Search code examples
javascriptregexgsm

How to Detect Non "GSM 7 bit alphabet" characters in input field


I am trying to detect if a text input field has any character that doesn't belong to the GSM 7 bit alphabet. The table with the characters is here http://www.dreamfabric.com/sms/default_alphabet.html

After a lot of searching I found this (What regular expression do I need to check for some non-latin characters?) that its pretty close to what I want to accomplish because It detects Non latin characters. How can I alter the regular expression to include the GSM 7 bit alphabet?

<!DOCTYPE HTML>
<html lang="en-US">
<head>
    <meta charset="UTF-8">
    <title>test foreign chars</title>
</head>
<body>

    <input id="foreign_characters" size="12" type="text" name="foreign_characters" value="test">

<script src="https://ajax.googleapis.com/ajax/libs/jquery/1.8.2/jquery.min.js"></script>
<script type="text/javascript">

(function(){

    $('#foreign_characters').on("keyup", function(){

        var foreignCharacters = $("#foreign_characters").val();
        var rforeign = /[^\u0000-\u007f]/;

        if (rforeign.test(foreignCharacters)) {
          alert("This is non-Latin Characters");
        } else {
          alert("This is Latin Characters");
        }

    });

})();

    </script>
</body>
</html>

Solution

  • You can put all valid characters in a string and then search the string repeatedly.

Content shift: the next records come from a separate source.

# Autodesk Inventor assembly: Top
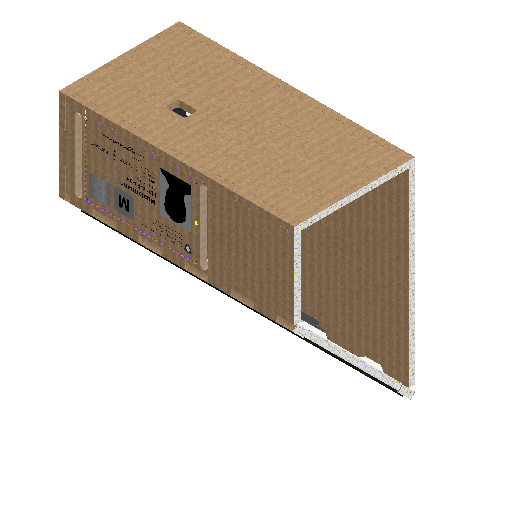
[picture p0: Inventor's stored thumbnail of the model, 512x512]
Saved by Autodesk Inventor 2025.2 (Build 292293000, 293)
## iProperties
Created: 2025-03-07
Part Number: Top
Document SubType Name: Assembly
Designer: ahorat
Author: ahorat
## Documents named in this file (11)
- C:\Daten\Temp\R32EntrySystem\cad\Top.iam
- C:\Daten\Temp\R32EntrySystem\cad\Housing\Frontplate.ipt
- C:\Daten\Temp\R32EntrySystem\cad\Housing\SidePlate.ipt
- C:\Daten\Temp\R32EntrySystem\cad\Housing\Topplate.ipt
- C:\Daten\Temp\R32EntrySystem\cad\Housing\FloorPlate.ipt
- C:\Daten\Temp\R32EntrySystem\cad\RpiTower.iam
- C:\Daten\Temp\R32EntrySystem\cad\Housing\Backplate.ipt
- C:\Daten\Temp\R32EntrySystem\cad\Rpi\raspberry pi display.iam
- C:\Daten\Temp\R32EntrySystem\cad\Housing\LED_Cover.ipt
- C:\Daten\Temp\R32EntrySystem\cad\Display_Holder.ipt
- C:\Daten\Temp\R32EntrySystem\cad\Housing\Distance_plate.ipt
## Components (12 placed, 10 different names)
1. Frontplate:1 — Flush:4, Flush:5, Mate:1, Flush:13, Mate:2, Mate:6
2. Topplate:1 — Flush:1, Flush:2, Flush:3, Flush:17, Flush:22, Flush:23, Mate:7, Mate:8, Mate:9, Mate:10
3. SidePlate:1 — Flush:1, Flush:2, Flush:3, Flush:4, Flush:10, Flush:11, Flush:12, Flush:16, Mate:6
4. FloorPlate:1 — Flush:6, Flush:7, Flush:8, Flush:10, Flush:11, Flush:12, Flush:18, Mate:4, Mate:5, Flush:21, Mate:15, Mate:16
5. raspberry pi display:2 [sub-assembly] — Mate:1, Flush:13, Mate:2, Mate:11, Mate:12, Mate:13
6. RpiTower:1 [sub-assembly] — Mate:4, Mate:5, Mate:14, Mate:17
7. Backplate:1 — Flush:16, Flush:17, Flush:18, Flush:19, Flush:20
8. SidePlate:2 — Flush:19, Flush:20, Flush:21, Flush:5
9. LED_Cover:1 — Flush:23, Mate:8, Mate:9
10. LED_Cover:2 — Flush:22, Mate:7, Mate:10
11. Display_Holder:1 — Mate:11, Mate:12, Mate:13
12. Distance_plate:1 — Mate:14, Mate:15, Mate:16, Mate:17
## Relationships (36: Flush 20, Mate 16)
- Flush:1: Topplate:1 ↔ SidePlate:1
- Flush:2: Topplate:1 ↔ SidePlate:1
- Flush:3: Topplate:1 ↔ SidePlate:1
- Flush:4: Frontplate:1 ↔ SidePlate:1
- Flush:5: Frontplate:1 ↔ SidePlate:2
- Flush:6: FloorPlate:1
- Flush:7: FloorPlate:1
- Flush:8: FloorPlate:1
- Flush:10: SidePlate:1 ↔ FloorPlate:1
- Flush:11: SidePlate:1 ↔ FloorPlate:1
- Flush:12: SidePlate:1 ↔ FloorPlate:1
- Mate:1: Frontplate:1 ↔ raspberry pi display:2
- Flush:13 (-3 mm): Frontplate:1 ↔ raspberry pi display:2
- Mate:2: Frontplate:1 ↔ raspberry pi display:2
- Flush:16: SidePlate:1 ↔ Backplate:1
- Flush:17: Topplate:1 ↔ Backplate:1
- Flush:18: FloorPlate:1 ↔ Backplate:1
- Mate:4: FloorPlate:1 ↔ RpiTower:1
- Mate:5: FloorPlate:1 ↔ RpiTower:1
- Mate:6 (0.13 mm): Frontplate:1 ↔ SidePlate:1
- Flush:19: Backplate:1 ↔ SidePlate:2
- Flush:20: Backplate:1 ↔ SidePlate:2
- Flush:21: FloorPlate:1 ↔ SidePlate:2
- Flush:22: Topplate:1 ↔ LED_Cover:2
- Flush:23: Topplate:1 ↔ LED_Cover:1
- Mate:7: Topplate:1 ↔ LED_Cover:2
- Mate:8: Topplate:1 ↔ LED_Cover:1
- Mate:9: Topplate:1 ↔ LED_Cover:1
- Mate:10: Topplate:1 ↔ LED_Cover:2
- Mate:11: raspberry pi display:2 ↔ Display_Holder:1
- Mate:12: raspberry pi display:2 ↔ Display_Holder:1
- Mate:13: raspberry pi display:2 ↔ Display_Holder:1
- Mate:14: RpiTower:1 ↔ Distance_plate:1
- Mate:15: FloorPlate:1 ↔ Distance_plate:1
- Mate:16: FloorPlate:1 ↔ Distance_plate:1
- Mate:17: RpiTower:1 ↔ Distance_plate:1

    gsm = "@£$¥èéùìòÇØøÅåΔ_ΦΓΛΩΠΨΣΘΞ^{}\[~]|€ÆæßÉ!\"#¤%&'()*+,-./0123456789:;<=>?¡ABCDEFGHIJKLMNOPQRSTUVWXYZÄÖÑܧ¿abcdefghijklmnopqrstuvwxyzäöñüà";
    var letter = 'a';
    var letterInAlfabet = gsm.indexOf(letter) !== -1;
    

    Make sure you get your encodings right if you use this, i.e. save your Javascript file as UTF8 and specify that it is UTF8 to the browser.